- _Saved data entries_:
'''
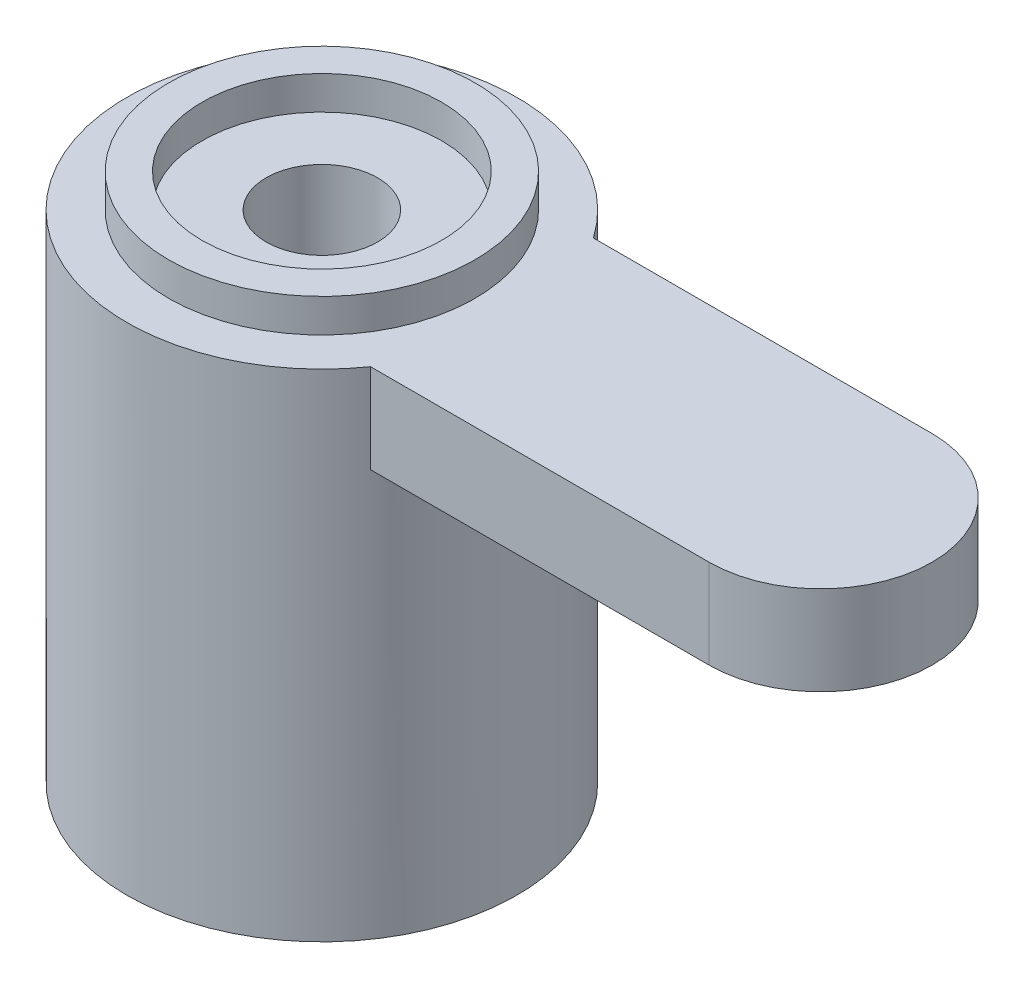
from build123d import *

# Parameters (mm, degrees)
SZKIC1_R                    = 3.5
DODANIE_WYCI_GNI_CIE1_DEPTH = 9.5
SZKIC2_R                    = 1.9
WYTNIJ_WYCI_GNI_CIE1_DEPTH  = 3.5
SZKIC3_R                    = 2
DODANIE_WYCI_GNI_CIE2_DEPTH = 1.6
WYTNIJ_WYCI_GNI_CIE2_START  = -0.6
SZKIC4_R                    = 2.15
WYTNIJ_WYCI_GNI_CIE2_DEPTH  = 0.6
SZKIC5_R                    = 1
WYTNIJ_WYCI_GNI_CIE3_DEPTH  = 31.6
WYTNIJ_WYCI_GNI_CIE4_START  = -0.6
SZKIC6_R                    = 3.5
SZKIC6_R_2                  = 2.75
WYTNIJ_WYCI_GNI_CIE4_DEPTH  = 0.6
WYTNIJ_WYCI_GNI_CIE5_DEPTH  = 10


with BuildPart() as part:
    # Szkic1 → Dodanie-wyciągnięcie1 (new body)
    with BuildSketch(Plane(origin=(0, 0, 0), x_dir=(1, 0, 0), z_dir=(0, 1, 0))):
        with Locations(Location((0, 0, 0), (0, 0, 270))):
            Circle(SZKIC1_R)
    extrude(amount=DODANIE_WYCI_GNI_CIE1_DEPTH)

    # Szkic2 → Wytnij-wyciągnięcie1 (cut)
    with BuildSketch(Plane.XZ):
        with Locations(Location((0, 0, 0), (0, 0, 270))):
            Circle(SZKIC2_R)
    extrude(amount=-WYTNIJ_WYCI_GNI_CIE1_DEPTH, mode=Mode.SUBTRACT)

    # Szkic3 → Dodanie-wyciągnięcie2 (add)
    with BuildSketch(Plane(origin=(0, 8.9, 0), x_dir=(1, 0, 0), z_dir=(0, 1, 0))):
        with Locations((-8.95, 0)):
            Circle(SZKIC3_R)
        with BuildLine():
            Line((-2, 2), (-8.95, 2))
            ThreePointArc((-8.95, 2), (-7.535786438, 1.414213562), (-6.95, 0))
            ThreePointArc((-6.95, 0), (-7.535786438, -1.414213562), (-8.95, -2))
            Line((-8.95, -2), (-2, -2))
            Line((-2, -2), (-2, 2))
        make_face()
        with Locations((0, 7)):
            Circle(SZKIC3_R)
        with BuildLine():
            Line((-2, 7), (-2, 2))
            Line((-2, 2), (0, 2))
            Line((0, 2), (2, 2))
            Line((2, 2), (2, 7))
            ThreePointArc((2, 7), (0, 5), (-2, 7))
        make_face()
        with BuildLine():
            Line((8.95, 2), (2, 2))
            Line((2, 2), (2, 0))
            Line((2, 0), (2, -2))
            Line((2, -2), (8.95, -2))
            ThreePointArc((8.95, -2), (6.95, 0), (8.95, 2))
        make_face()
        with Locations((8.95, 0)):
            Circle(SZKIC3_R)
        with Locations((0, -7)):
            Circle(SZKIC3_R)
        with BuildLine():
            Line((2, -2), (-2, -2))
            Line((-2, -2), (-2, -7))
            ThreePointArc((-2, -7), (0, -5), (2, -7))
            Line((2, -7), (2, -2))
        make_face()
    extrude(amount=-DODANIE_WYCI_GNI_CIE2_DEPTH)

    # Szkic4 → Wytnij-wyciągnięcie2 (cut)
    with BuildSketch(Plane(origin=(0, 9.5, 0), x_dir=(1, 0, 0), z_dir=(0, 1, 0)).offset(WYTNIJ_WYCI_GNI_CIE2_START)):
        with Locations(Location((0, 0, 0), (0, 0, 270))):
            Circle(SZKIC4_R)
    extrude(amount=WYTNIJ_WYCI_GNI_CIE2_DEPTH, mode=Mode.SUBTRACT)

    # Szkic5 → Wytnij-wyciągnięcie3 (cut)
    with BuildSketch(Plane(origin=(0, 8.9, 0), x_dir=(1, 0, 0), z_dir=(0, 1, 0))):
        with Locations(Location((0, 0, 0), (0, 0, 270))):
            Circle(SZKIC5_R)
    extrude(amount=-WYTNIJ_WYCI_GNI_CIE3_DEPTH, mode=Mode.SUBTRACT)

    # Szkic6 → Wytnij-wyciągnięcie4 (cut)
    with BuildSketch(Plane(origin=(0, 9.5, 0), x_dir=(1, 0, 0), z_dir=(0, 1, 0)).offset(WYTNIJ_WYCI_GNI_CIE4_START)):
        with Locations(Location((0, 0, 0), (0, 0, 124.849904579))):
            Circle(SZKIC6_R)
        with Locations(Location((0, 0, 0), (0, 0, 270))):
            Circle(SZKIC6_R_2, mode=Mode.SUBTRACT)
    extrude(amount=WYTNIJ_WYCI_GNI_CIE4_DEPTH, mode=Mode.SUBTRACT)

    # Szkic7 → Wytnij-wyciągnięcie5 (cut)
    with BuildSketch(Plane.XZ.offset(-7.3)):
        with BuildLine():
            ThreePointArc((-2, -7), (0, -9), (2, -7))
            Line((2, -7), (2, -2.872281323))
            ThreePointArc((2, -2.872281323), (0, -3.5), (-2, -2.872281323))
            Line((-2, -2.872281323), (-2, -7))
        make_face()
        with BuildLine():
            Line((2, -11.805294156), (2, -7))
            ThreePointArc((2, -7), (0, -9), (-2, -7))
            Line((-2, -7), (-2, -2.872281323))
            ThreePointArc((-2, -2.872281323), (-2.872281323, 2), (2, 2.872281323))
            Line((2, 2.872281323), (2, 7))
            Line((2, 7), (2, 11.668395205))
            Line((2, 11.668395205), (-21.006020829, 11.668395205))
            Line((-21.006020829, 11.668395205), (-21.006020829, -11.805294156))
            Line((-21.006020829, -11.805294156), (2, -11.805294156))
        make_face()
    extrude(amount=-WYTNIJ_WYCI_GNI_CIE5_DEPTH, mode=Mode.SUBTRACT)


solid = part.part
'''
- _Task directions_: Nothing but an exact repeat of the records, pictures excluded, belongs in the answer.

- _Answer space_:
from build123d import *

# Parameters (mm, degrees)
SZKIC1_R                    = 3.5
DODANIE_WYCI_GNI_CIE1_DEPTH = 9.5
SZKIC2_R                    = 1.9
WYTNIJ_WYCI_GNI_CIE1_DEPTH  = 3.5
SZKIC3_R                    = 2
DODANIE_WYCI_GNI_CIE2_DEPTH = 1.6
WYTNIJ_WYCI_GNI_CIE2_START  = -0.6
SZKIC4_R                    = 2.15
WYTNIJ_WYCI_GNI_CIE2_DEPTH  = 0.6
SZKIC5_R                    = 1
WYTNIJ_WYCI_GNI_CIE3_DEPTH  = 31.6
WYTNIJ_WYCI_GNI_CIE4_START  = -0.6
SZKIC6_R                    = 3.5
SZKIC6_R_2                  = 2.75
WYTNIJ_WYCI_GNI_CIE4_DEPTH  = 0.6
WYTNIJ_WYCI_GNI_CIE5_DEPTH  = 10


with BuildPart() as part:
    # Szkic1 → Dodanie-wyciągnięcie1 (new body)
    with BuildSketch(Plane(origin=(0, 0, 0), x_dir=(1, 0, 0), z_dir=(0, 1, 0))):
        with Locations(Location((0, 0, 0), (0, 0, 270))):
            Circle(SZKIC1_R)
    extrude(amount=DODANIE_WYCI_GNI_CIE1_DEPTH)

    # Szkic2 → Wytnij-wyciągnięcie1 (cut)
    with BuildSketch(Plane.XZ):
        with Locations(Location((0, 0, 0), (0, 0, 270))):
            Circle(SZKIC2_R)
    extrude(amount=-WYTNIJ_WYCI_GNI_CIE1_DEPTH, mode=Mode.SUBTRACT)

    # Szkic3 → Dodanie-wyciągnięcie2 (add)
    with BuildSketch(Plane(origin=(0, 8.9, 0), x_dir=(1, 0, 0), z_dir=(0, 1, 0))):
        with Locations((-8.95, 0)):
            Circle(SZKIC3_R)
        with BuildLine():
            Line((-2, 2), (-8.95, 2))
            ThreePointArc((-8.95, 2), (-7.535786438, 1.414213562), (-6.95, 0))
            ThreePointArc((-6.95, 0), (-7.535786438, -1.414213562), (-8.95, -2))
            Line((-8.95, -2), (-2, -2))
            Line((-2, -2), (-2, 2))
        make_face()
        with Locations((0, 7)):
            Circle(SZKIC3_R)
        with BuildLine():
            Line((-2, 7), (-2, 2))
            Line((-2, 2), (0, 2))
            Line((0, 2), (2, 2))
            Line((2, 2), (2, 7))
            ThreePointArc((2, 7), (0, 5), (-2, 7))
        make_face()
        with BuildLine():
            Line((8.95, 2), (2, 2))
            Line((2, 2), (2, 0))
            Line((2, 0), (2, -2))
            Line((2, -2), (8.95, -2))
            ThreePointArc((8.95, -2), (6.95, 0), (8.95, 2))
        make_face()
        with Locations((8.95, 0)):
            Circle(SZKIC3_R)
        with Locations((0, -7)):
            Circle(SZKIC3_R)
        with BuildLine():
            Line((2, -2), (-2, -2))
            Line((-2, -2), (-2, -7))
            ThreePointArc((-2, -7), (0, -5), (2, -7))
            Line((2, -7), (2, -2))
        make_face()
    extrude(amount=-DODANIE_WYCI_GNI_CIE2_DEPTH)

    # Szkic4 → Wytnij-wyciągnięcie2 (cut)
    with BuildSketch(Plane(origin=(0, 9.5, 0), x_dir=(1, 0, 0), z_dir=(0, 1, 0)).offset(WYTNIJ_WYCI_GNI_CIE2_START)):
        with Locations(Location((0, 0, 0), (0, 0, 270))):
            Circle(SZKIC4_R)
    extrude(amount=WYTNIJ_WYCI_GNI_CIE2_DEPTH, mode=Mode.SUBTRACT)

    # Szkic5 → Wytnij-wyciągnięcie3 (cut)
    with BuildSketch(Plane(origin=(0, 8.9, 0), x_dir=(1, 0, 0), z_dir=(0, 1, 0))):
        with Locations(Location((0, 0, 0), (0, 0, 270))):
            Circle(SZKIC5_R)
    extrude(amount=-WYTNIJ_WYCI_GNI_CIE3_DEPTH, mode=Mode.SUBTRACT)

    # Szkic6 → Wytnij-wyciągnięcie4 (cut)
    with BuildSketch(Plane(origin=(0, 9.5, 0), x_dir=(1, 0, 0), z_dir=(0, 1, 0)).offset(WYTNIJ_WYCI_GNI_CIE4_START)):
        with Locations(Location((0, 0, 0), (0, 0, 124.849904579))):
            Circle(SZKIC6_R)
        with Locations(Location((0, 0, 0), (0, 0, 270))):
            Circle(SZKIC6_R_2, mode=Mode.SUBTRACT)
    extrude(amount=WYTNIJ_WYCI_GNI_CIE4_DEPTH, mode=Mode.SUBTRACT)

    # Szkic7 → Wytnij-wyciągnięcie5 (cut)
    with BuildSketch(Plane.XZ.offset(-7.3)):
        with BuildLine():
            ThreePointArc((-2, -7), (0, -9), (2, -7))
            Line((2, -7), (2, -2.872281323))
            ThreePointArc((2, -2.872281323), (0, -3.5), (-2, -2.872281323))
            Line((-2, -2.872281323), (-2, -7))
        make_face()
        with BuildLine():
            Line((2, -11.805294156), (2, -7))
            ThreePointArc((2, -7), (0, -9), (-2, -7))
            Line((-2, -7), (-2, -2.872281323))
            ThreePointArc((-2, -2.872281323), (-2.872281323, 2), (2, 2.872281323))
            Line((2, 2.872281323), (2, 7))
            Line((2, 7), (2, 11.668395205))
            Line((2, 11.668395205), (-21.006020829, 11.668395205))
            Line((-21.006020829, 11.668395205), (-21.006020829, -11.805294156))
            Line((-21.006020829, -11.805294156), (2, -11.805294156))
        make_face()
    extrude(amount=-WYTNIJ_WYCI_GNI_CIE5_DEPTH, mode=Mode.SUBTRACT)


solid = part.part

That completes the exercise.